For Coté, a fourth-generation beekeeper, this is a family tradition, and this personal significance pervades his celebration of the romance and mystery of bees, their honey, and the beekeepers whose lives revolve around these most magical creatures.

My Thoughts:

When I think of beekeepers, I think of pastoral, rural, peaceful settings, a life full of flowers and honey ; Andrew Coté is far from this image. His life and career is globetrotting, star studded, and full of rooftops and city streets, hard work and long hours (although I am sure those rural type beekeepers also work long and hard hours!)

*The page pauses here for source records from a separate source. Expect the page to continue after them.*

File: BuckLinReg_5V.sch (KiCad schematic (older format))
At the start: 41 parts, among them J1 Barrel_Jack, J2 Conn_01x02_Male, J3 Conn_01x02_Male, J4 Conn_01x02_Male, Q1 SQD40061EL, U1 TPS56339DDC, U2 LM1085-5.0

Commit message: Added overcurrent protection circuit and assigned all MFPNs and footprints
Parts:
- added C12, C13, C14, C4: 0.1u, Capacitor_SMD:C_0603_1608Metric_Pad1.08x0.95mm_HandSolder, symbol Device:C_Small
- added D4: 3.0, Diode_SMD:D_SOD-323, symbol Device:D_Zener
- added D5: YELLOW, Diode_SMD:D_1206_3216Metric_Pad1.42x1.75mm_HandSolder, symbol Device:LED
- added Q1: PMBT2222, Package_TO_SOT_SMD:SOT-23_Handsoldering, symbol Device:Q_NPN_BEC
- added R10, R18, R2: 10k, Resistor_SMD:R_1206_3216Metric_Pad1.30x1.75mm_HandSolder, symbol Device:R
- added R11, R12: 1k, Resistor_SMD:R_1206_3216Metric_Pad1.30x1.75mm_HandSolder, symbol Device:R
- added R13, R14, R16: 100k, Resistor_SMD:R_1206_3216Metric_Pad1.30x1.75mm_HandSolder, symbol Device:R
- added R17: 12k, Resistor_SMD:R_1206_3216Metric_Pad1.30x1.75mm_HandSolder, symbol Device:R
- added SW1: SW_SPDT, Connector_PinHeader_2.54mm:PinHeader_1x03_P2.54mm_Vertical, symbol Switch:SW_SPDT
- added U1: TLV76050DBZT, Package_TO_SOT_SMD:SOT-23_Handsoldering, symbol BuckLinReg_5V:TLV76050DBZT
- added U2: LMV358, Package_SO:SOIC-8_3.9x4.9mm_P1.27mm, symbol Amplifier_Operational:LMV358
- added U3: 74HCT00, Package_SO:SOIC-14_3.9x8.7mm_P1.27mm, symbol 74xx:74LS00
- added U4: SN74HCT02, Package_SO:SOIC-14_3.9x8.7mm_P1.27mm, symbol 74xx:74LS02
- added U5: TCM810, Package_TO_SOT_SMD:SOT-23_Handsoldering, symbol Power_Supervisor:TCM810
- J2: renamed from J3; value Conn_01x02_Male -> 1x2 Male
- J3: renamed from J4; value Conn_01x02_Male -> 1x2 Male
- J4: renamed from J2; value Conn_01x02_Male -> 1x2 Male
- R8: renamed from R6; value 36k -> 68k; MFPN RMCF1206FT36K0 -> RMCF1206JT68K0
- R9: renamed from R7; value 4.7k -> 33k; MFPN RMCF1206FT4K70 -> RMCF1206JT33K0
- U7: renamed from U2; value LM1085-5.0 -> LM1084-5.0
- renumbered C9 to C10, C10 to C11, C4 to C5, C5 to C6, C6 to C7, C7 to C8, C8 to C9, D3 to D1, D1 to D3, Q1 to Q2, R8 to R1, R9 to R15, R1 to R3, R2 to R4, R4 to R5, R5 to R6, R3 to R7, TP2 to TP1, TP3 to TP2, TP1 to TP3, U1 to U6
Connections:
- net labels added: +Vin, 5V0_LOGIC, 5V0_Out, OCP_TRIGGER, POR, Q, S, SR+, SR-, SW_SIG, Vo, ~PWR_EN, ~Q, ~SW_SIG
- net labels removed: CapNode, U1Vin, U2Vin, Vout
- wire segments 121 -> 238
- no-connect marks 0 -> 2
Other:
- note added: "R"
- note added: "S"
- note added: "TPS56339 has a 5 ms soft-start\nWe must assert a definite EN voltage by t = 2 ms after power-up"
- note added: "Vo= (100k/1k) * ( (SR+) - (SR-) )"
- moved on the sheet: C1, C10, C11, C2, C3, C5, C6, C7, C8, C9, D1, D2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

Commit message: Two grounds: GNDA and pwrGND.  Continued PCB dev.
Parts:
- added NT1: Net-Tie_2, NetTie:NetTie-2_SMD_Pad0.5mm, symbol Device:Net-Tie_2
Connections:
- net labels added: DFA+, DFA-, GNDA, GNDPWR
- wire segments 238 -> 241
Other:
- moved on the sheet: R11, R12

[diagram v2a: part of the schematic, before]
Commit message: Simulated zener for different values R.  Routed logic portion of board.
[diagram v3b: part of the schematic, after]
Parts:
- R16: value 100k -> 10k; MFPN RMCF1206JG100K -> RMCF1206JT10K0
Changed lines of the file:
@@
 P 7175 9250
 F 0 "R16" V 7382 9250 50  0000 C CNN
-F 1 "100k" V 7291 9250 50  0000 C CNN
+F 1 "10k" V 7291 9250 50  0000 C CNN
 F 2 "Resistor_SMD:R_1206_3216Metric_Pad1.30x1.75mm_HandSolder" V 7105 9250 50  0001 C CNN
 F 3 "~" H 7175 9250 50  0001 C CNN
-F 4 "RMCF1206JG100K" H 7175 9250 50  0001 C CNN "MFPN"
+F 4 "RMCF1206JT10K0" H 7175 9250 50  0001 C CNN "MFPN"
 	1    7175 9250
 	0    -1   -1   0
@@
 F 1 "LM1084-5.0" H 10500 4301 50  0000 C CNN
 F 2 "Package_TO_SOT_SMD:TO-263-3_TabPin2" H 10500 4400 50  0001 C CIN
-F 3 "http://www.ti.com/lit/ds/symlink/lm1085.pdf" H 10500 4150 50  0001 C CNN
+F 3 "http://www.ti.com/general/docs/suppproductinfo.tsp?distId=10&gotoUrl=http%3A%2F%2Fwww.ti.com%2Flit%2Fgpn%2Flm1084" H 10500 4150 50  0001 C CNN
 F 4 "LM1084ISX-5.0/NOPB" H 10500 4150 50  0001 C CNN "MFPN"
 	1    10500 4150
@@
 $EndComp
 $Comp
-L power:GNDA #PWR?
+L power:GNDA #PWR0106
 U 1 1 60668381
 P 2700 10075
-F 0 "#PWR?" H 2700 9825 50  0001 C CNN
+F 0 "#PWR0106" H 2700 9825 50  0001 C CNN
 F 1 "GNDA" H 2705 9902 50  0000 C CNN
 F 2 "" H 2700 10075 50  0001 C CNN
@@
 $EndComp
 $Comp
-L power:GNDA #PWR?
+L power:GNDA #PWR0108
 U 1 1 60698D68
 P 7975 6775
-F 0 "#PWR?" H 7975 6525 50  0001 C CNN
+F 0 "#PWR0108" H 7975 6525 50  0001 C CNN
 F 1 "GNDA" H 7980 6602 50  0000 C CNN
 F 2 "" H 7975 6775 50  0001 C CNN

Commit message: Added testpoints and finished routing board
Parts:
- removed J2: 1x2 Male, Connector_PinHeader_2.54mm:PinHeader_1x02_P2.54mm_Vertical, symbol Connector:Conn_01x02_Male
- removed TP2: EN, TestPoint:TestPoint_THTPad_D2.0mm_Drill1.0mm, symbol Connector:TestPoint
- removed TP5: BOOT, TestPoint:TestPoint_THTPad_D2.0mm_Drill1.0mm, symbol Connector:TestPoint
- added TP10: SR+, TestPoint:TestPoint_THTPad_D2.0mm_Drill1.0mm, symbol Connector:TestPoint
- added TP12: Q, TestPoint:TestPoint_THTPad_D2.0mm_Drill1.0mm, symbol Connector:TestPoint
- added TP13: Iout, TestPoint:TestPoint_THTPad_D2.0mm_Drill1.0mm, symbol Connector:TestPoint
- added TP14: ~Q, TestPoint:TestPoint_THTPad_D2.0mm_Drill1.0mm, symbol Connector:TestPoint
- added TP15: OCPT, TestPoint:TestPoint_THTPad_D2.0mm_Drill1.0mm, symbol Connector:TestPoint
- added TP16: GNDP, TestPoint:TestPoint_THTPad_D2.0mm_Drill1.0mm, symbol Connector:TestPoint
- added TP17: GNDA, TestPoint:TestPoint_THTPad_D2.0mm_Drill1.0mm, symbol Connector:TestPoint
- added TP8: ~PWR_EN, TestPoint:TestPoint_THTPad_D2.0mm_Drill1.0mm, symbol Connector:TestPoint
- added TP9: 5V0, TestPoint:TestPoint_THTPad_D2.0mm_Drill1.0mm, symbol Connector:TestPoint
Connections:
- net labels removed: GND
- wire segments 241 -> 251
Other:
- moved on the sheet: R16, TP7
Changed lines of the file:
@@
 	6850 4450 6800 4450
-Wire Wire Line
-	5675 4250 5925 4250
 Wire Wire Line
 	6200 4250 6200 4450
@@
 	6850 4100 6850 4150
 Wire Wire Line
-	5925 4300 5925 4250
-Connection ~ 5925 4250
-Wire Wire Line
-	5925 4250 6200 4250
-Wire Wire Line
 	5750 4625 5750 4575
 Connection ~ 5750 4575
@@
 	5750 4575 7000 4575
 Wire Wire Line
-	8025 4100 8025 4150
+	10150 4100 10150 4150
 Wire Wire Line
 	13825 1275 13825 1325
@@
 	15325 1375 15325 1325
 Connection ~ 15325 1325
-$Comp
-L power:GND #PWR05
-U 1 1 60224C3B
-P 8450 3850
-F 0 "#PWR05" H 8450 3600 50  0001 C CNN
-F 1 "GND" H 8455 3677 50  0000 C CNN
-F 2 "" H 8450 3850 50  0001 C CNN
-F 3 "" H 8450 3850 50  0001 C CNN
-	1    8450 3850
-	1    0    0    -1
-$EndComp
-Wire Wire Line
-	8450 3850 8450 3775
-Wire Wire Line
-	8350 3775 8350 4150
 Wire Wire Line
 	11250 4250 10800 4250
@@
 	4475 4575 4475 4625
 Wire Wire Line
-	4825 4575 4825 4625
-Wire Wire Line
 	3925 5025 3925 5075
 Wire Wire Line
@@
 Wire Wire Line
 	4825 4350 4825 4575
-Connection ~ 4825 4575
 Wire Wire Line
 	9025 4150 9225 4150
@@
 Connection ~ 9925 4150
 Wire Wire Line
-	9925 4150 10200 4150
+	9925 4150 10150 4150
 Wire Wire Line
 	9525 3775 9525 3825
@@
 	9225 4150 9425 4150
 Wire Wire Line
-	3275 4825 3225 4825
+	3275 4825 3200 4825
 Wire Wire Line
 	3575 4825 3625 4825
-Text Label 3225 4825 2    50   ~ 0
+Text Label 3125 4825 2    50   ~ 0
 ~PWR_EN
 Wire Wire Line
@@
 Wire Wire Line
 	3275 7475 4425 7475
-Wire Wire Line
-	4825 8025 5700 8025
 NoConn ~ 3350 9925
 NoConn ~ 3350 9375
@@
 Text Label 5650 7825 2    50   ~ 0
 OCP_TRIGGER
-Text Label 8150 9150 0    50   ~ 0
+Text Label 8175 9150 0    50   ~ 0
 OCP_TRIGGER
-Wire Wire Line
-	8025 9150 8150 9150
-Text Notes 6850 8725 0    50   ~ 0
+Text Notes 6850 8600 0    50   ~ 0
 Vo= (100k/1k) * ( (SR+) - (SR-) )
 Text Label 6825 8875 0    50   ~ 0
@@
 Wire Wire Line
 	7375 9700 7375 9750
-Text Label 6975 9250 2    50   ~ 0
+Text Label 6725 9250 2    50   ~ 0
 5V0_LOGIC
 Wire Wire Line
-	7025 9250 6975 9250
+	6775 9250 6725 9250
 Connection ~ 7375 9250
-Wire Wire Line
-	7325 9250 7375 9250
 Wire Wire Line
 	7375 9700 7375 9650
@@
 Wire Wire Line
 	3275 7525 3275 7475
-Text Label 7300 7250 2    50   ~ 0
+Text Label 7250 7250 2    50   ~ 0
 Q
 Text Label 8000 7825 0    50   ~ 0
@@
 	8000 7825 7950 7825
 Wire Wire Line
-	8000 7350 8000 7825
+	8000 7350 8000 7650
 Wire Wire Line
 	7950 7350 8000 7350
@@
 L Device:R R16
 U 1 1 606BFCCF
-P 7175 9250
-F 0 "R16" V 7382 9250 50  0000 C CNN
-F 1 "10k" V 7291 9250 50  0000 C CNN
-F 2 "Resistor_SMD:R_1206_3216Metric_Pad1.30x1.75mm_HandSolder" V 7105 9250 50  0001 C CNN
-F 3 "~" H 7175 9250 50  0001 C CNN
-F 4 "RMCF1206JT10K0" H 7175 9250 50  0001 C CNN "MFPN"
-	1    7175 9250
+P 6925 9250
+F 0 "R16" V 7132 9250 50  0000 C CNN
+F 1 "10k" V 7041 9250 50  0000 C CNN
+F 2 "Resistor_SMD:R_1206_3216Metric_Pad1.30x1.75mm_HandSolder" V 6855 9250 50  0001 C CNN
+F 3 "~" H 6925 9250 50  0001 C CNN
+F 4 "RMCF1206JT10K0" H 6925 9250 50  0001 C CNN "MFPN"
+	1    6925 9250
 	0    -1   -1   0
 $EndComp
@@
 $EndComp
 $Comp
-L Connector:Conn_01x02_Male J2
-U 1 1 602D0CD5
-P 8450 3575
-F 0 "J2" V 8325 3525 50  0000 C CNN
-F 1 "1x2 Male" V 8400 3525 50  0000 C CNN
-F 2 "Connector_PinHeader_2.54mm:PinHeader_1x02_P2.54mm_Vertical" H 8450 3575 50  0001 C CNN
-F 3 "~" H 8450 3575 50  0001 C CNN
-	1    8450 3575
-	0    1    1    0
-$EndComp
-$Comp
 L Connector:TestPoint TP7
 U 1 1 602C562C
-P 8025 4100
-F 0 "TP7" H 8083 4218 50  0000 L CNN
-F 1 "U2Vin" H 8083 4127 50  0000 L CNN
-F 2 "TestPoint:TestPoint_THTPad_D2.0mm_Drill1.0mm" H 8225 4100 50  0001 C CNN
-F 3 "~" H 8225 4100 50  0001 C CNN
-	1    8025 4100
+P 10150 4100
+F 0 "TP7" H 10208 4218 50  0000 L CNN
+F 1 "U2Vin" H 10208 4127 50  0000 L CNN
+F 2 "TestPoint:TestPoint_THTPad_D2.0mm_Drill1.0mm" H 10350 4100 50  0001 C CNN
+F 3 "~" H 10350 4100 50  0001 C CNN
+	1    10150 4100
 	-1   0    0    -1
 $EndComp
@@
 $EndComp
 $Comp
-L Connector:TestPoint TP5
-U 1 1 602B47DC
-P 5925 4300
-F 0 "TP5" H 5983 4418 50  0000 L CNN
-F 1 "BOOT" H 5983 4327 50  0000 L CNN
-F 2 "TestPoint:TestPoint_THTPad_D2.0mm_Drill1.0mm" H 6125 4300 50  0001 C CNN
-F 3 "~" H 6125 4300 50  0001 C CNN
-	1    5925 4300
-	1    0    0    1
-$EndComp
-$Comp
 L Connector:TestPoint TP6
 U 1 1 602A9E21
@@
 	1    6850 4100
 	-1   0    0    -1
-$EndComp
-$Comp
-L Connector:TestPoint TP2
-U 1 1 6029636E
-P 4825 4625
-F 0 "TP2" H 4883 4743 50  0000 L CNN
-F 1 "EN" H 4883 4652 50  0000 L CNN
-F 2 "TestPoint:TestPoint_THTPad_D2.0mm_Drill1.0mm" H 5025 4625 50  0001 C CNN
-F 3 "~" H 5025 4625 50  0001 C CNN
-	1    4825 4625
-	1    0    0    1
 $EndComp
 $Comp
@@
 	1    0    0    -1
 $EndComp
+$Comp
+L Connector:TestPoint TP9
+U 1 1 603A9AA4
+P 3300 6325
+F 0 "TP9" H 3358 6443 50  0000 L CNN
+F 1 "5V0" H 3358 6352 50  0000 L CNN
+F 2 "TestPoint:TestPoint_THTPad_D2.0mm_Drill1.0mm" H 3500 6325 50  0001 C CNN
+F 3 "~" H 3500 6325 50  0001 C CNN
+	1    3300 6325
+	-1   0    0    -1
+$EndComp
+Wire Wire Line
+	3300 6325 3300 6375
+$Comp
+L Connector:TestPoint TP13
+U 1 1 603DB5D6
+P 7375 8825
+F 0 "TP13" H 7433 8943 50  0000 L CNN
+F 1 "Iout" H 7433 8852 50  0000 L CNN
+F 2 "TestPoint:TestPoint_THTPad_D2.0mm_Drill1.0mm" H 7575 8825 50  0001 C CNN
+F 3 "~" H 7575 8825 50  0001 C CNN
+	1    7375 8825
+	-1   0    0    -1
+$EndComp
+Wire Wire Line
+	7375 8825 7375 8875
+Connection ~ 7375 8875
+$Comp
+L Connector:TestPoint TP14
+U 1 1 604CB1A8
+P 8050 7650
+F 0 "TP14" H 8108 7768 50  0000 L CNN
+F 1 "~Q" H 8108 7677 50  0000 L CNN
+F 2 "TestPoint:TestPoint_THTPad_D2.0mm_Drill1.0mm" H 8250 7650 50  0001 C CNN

I was pleasantly surprised by this book! I should have realized that the life of an urban beekeeper would be leagues different from those on farms and homesteads, however I never would have imagined the amazing things that Coté, has done in his life as a beekeeper. One such thing is his Bees Without Borders program that he founded to help fight poverty, and he has travelled to such countries as Kenya, Nigeria, and Iraq and others, to teach them beekeeping skills. Some of the stories he had to tell about his travels were were humorous, while some highlighted the dangers he faced in his mission to help others, and bees.

Coté, also had stories to tell of commercials, tv show appearances (Cake Boss, for one), and being a beekeeper to the rich and famous – namely one very famous woman renowned for her lifestyle whose name begins with M. In addition to all of this, Coté, also founded the New York City Beekeepers Association, maintains his own empire of bees, and assists with dangerous bee situations that plague the city – such as a hoarding house whose bees became a danger and nuisance to the city, working side by side with the police in such cases.

I really loved this book – I loved hearing about all of Coté’s adventures, his family history with bees and beekeeping, and the little facts that he threw in about bees as well – such as the fact that the scent of bananas enrages them! This book was a great read and I loved learning about a whole different world, the world of the urban beekeeper.

Thanks to NetGalley for the advance copy in exchange for an honest review.